Traas.org Privacy Policy
Last updated: 10/8/2015
Tracking
Traas.org does not use any third-party tracking software. It does, however, use web server logs to track basic usage. The data stored in the server logs looks like:
173.245.52.181 - - [06/Oct/2015:17:47:27 +0000] "GET / HTTP/1.1" 200 13089 "-" "Mozilla/5.0 (Macintosh; Intel Mac OS X 10_10_5) AppleWebKit/537.36 (KHTML, like Gecko) Chrome/45.0.2454.101 Safari/537.36"

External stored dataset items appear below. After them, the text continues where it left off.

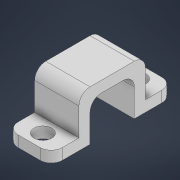
# Autodesk Inventor part: Kabelhalterung
Saved by Autodesk Inventor 2021 (Build 250183000, 183)
## iProperties
Created: 2021-02-05
Part Number: Kabelhalterung
Material: Generisch
Document SubType Name: Modeling
Designer: laure
Density: 1 g/cm^3
Appearance: Vorgabe
Author: laure
Autodesk Inventor part; units mm, degrees
ref_plane "YZ Plane" through (0, 0, 0) normal (1, 0, 0) x (0, 1, 0)
ref_plane "XZ Plane" through (0, 0, 0) normal (0, 1, 0) x (-1, 0, 0)
ref_plane "XY Plane" through (0, 0, 0) normal (0, 0, 1) x (1, 0, 0)
sketch "Skizze1" plane through (0, 0, 0) normal (0, 1, 0) x (-1, 0, 0)
  line L0 (4, -6) -> (-4, -6)
  line L1 (-4, -6) -> (-4, 6)
  line L2 (-4, 6) -> (4, 6)
  line L3 (4, 6) -> (4, -6)
  line L4 (0, -8.4) -> (0, 8.4) projected
  line L5 (-5.6, 0) -> (5.6, 0) projected
  point P0 (0, 0)
  dimension "d0" = 8
  dimension "d1" = 12
  constraints: 8 end point, 2 parallel, 1 horizontal, 1 perpendicular, 2 other
  measures "d0" distance of L1.end L2.end
  measures "d1" distance of L0.end L1.end
extrude "Extrusion1" add sketch "Skizze1" along normal mid plane 2
sketch "Skizze2" plane through (0, -1, 0) normal (0, -1, 0) x (1, 0, 0)
  line L0 (-4, -6) -> (-4, 6) projected
  line L1 (4, 6) -> (4, -6) projected
  line L2 (-4, -6) -> (4, -6)
  line L3 (4, -6) -> (4, -4)
  line L4 (4, -4) -> (-4, -4)
  line L5 (-4, -4) -> (-4, -6)
  line L6 (-4, 6) -> (4, 6)
  line L7 (4, 6) -> (4, 4)
  line L8 (4, 4) -> (-4, 4)
  line L9 (-4, 4) -> (-4, 6)
  point P0 (0, 0)
  dimension "d4" = 2
  dimension "d5" = 2
  constraints: 16 end point, 4 parallel, 2 horizontal, 2 perpendicular, 2 point on line
  measures "d4" distance of L3.end L2.end
  measures "d5" distance of L6.end L7.end
extrude "Extrusion2" add sketch "Skizze2" along normal blind 7 contours L0 L4 L1 L2 | L0 L6 L1 L8
sketch "Skizze3" plane through (4, 1, 6) normal (1, 0, 0) x (0, 0, -1)
  line L0 (2, -9) -> (0, -9) projected
  line L1 (0, -9) -> (-5, -9)
  line L2 (-5, -9) -> (-5, -7)
  line L3 (-5, -7) -> (0, -7)
  line L4 (0, -7) -> (0, -9)
  line L5 (12, -9) -> (10, -9) projected
  line L6 (12, -9) -> (17, -9)
  line L7 (17, -9) -> (17, -7)
  line L8 (17, -7) -> (12, -7)
  line L9 (12, -7) -> (12, -9)
  point P0 (6, -1)
  dimension "d8" = 5
  dimension "d9" = 2
  dimension "d10" = 5
  dimension "d11" = 2
  constraints: 16 end point, 4 parallel, 2 horizontal, 2 perpendicular
  measures "d8" distance of L2.end L3.end
  measures "d9" distance of L1.end L2.end
  measures "d10" distance of L8.end L7.end
  measures "d11" distance of L7.end L6.end
extrude "Extrusion3" add sketch "Skizze3" against normal blind 8
sketch "Skizze4" plane through (4, -6, 11) normal (0, 1, 0) x (1, 0, 0)
  circle A0 centre (-4, 2.5) radius 1.6
  line L0 (0, 5) -> (0, 0) projected
  line L1 (0, 0) -> (-8, 0) projected
  circle A1 centre (-4, 19.5) radius 1.6
  line L2 (0, 22) -> (0, 17) projected
  line L3 (0, 22) -> (-8, 22) projected
  point P0 (-4, 11)
  dimension "d14" = 3.2
  dimension "d15" = 4
  dimension "d16" = 2.5
  dimension "d17" = 3.2
  dimension "d18" = 4
  dimension "d19" = 2.5
  constraints: 2 centre point
  measures "d14" diameter of A0
  measures "d15" distance from line of L0 A0.centre
  measures "d16" distance from line of L1 A0.centre
  measures "d17" diameter of A1
  measures "d18" distance from line of L2 A1.centre
  measures "d19" distance from line of L3 A1.centre
extrude "Extrusion4" cut sketch "Skizze4" against normal up to surface (2 mm away)
fillet "Rundung1" radius 2 8 edges at (0, 1, 6) (0, 1, -6) (0, -1, 4) (0, -1, -4) (-4, -7, 11) (4, -7, 11) (4, -7, -11) (-4, -7, -11)

As you can see, the two pieces of personally identifiable information we are
storing are IP address and user-agent string. I need this information for
troubleshooting, diagnosing attacks, etc. I am counting firemen
researching the possibility of not storing personally identifiable information
when the Do Not Track header is set by your browser.
Databases
Traas.org does not use a database, and stores no information about you, or anything else.
CDN, Cookies, SSL
Traas.org uses CloudFlare for DNS management and as a content delivery network for static assets. Additionally, traas.org uses CloudFlare's universal SSL for the site. We use the "Full SSL" option, with an SSL certificate on traas.org that CloudFlare's proxies use to communicate, so anything sent to and from traas.org via HTTPS is encrypted any time traffic is going over the wire. For more information about what data CloudFlare may be collecting, please see their privacy and security policy.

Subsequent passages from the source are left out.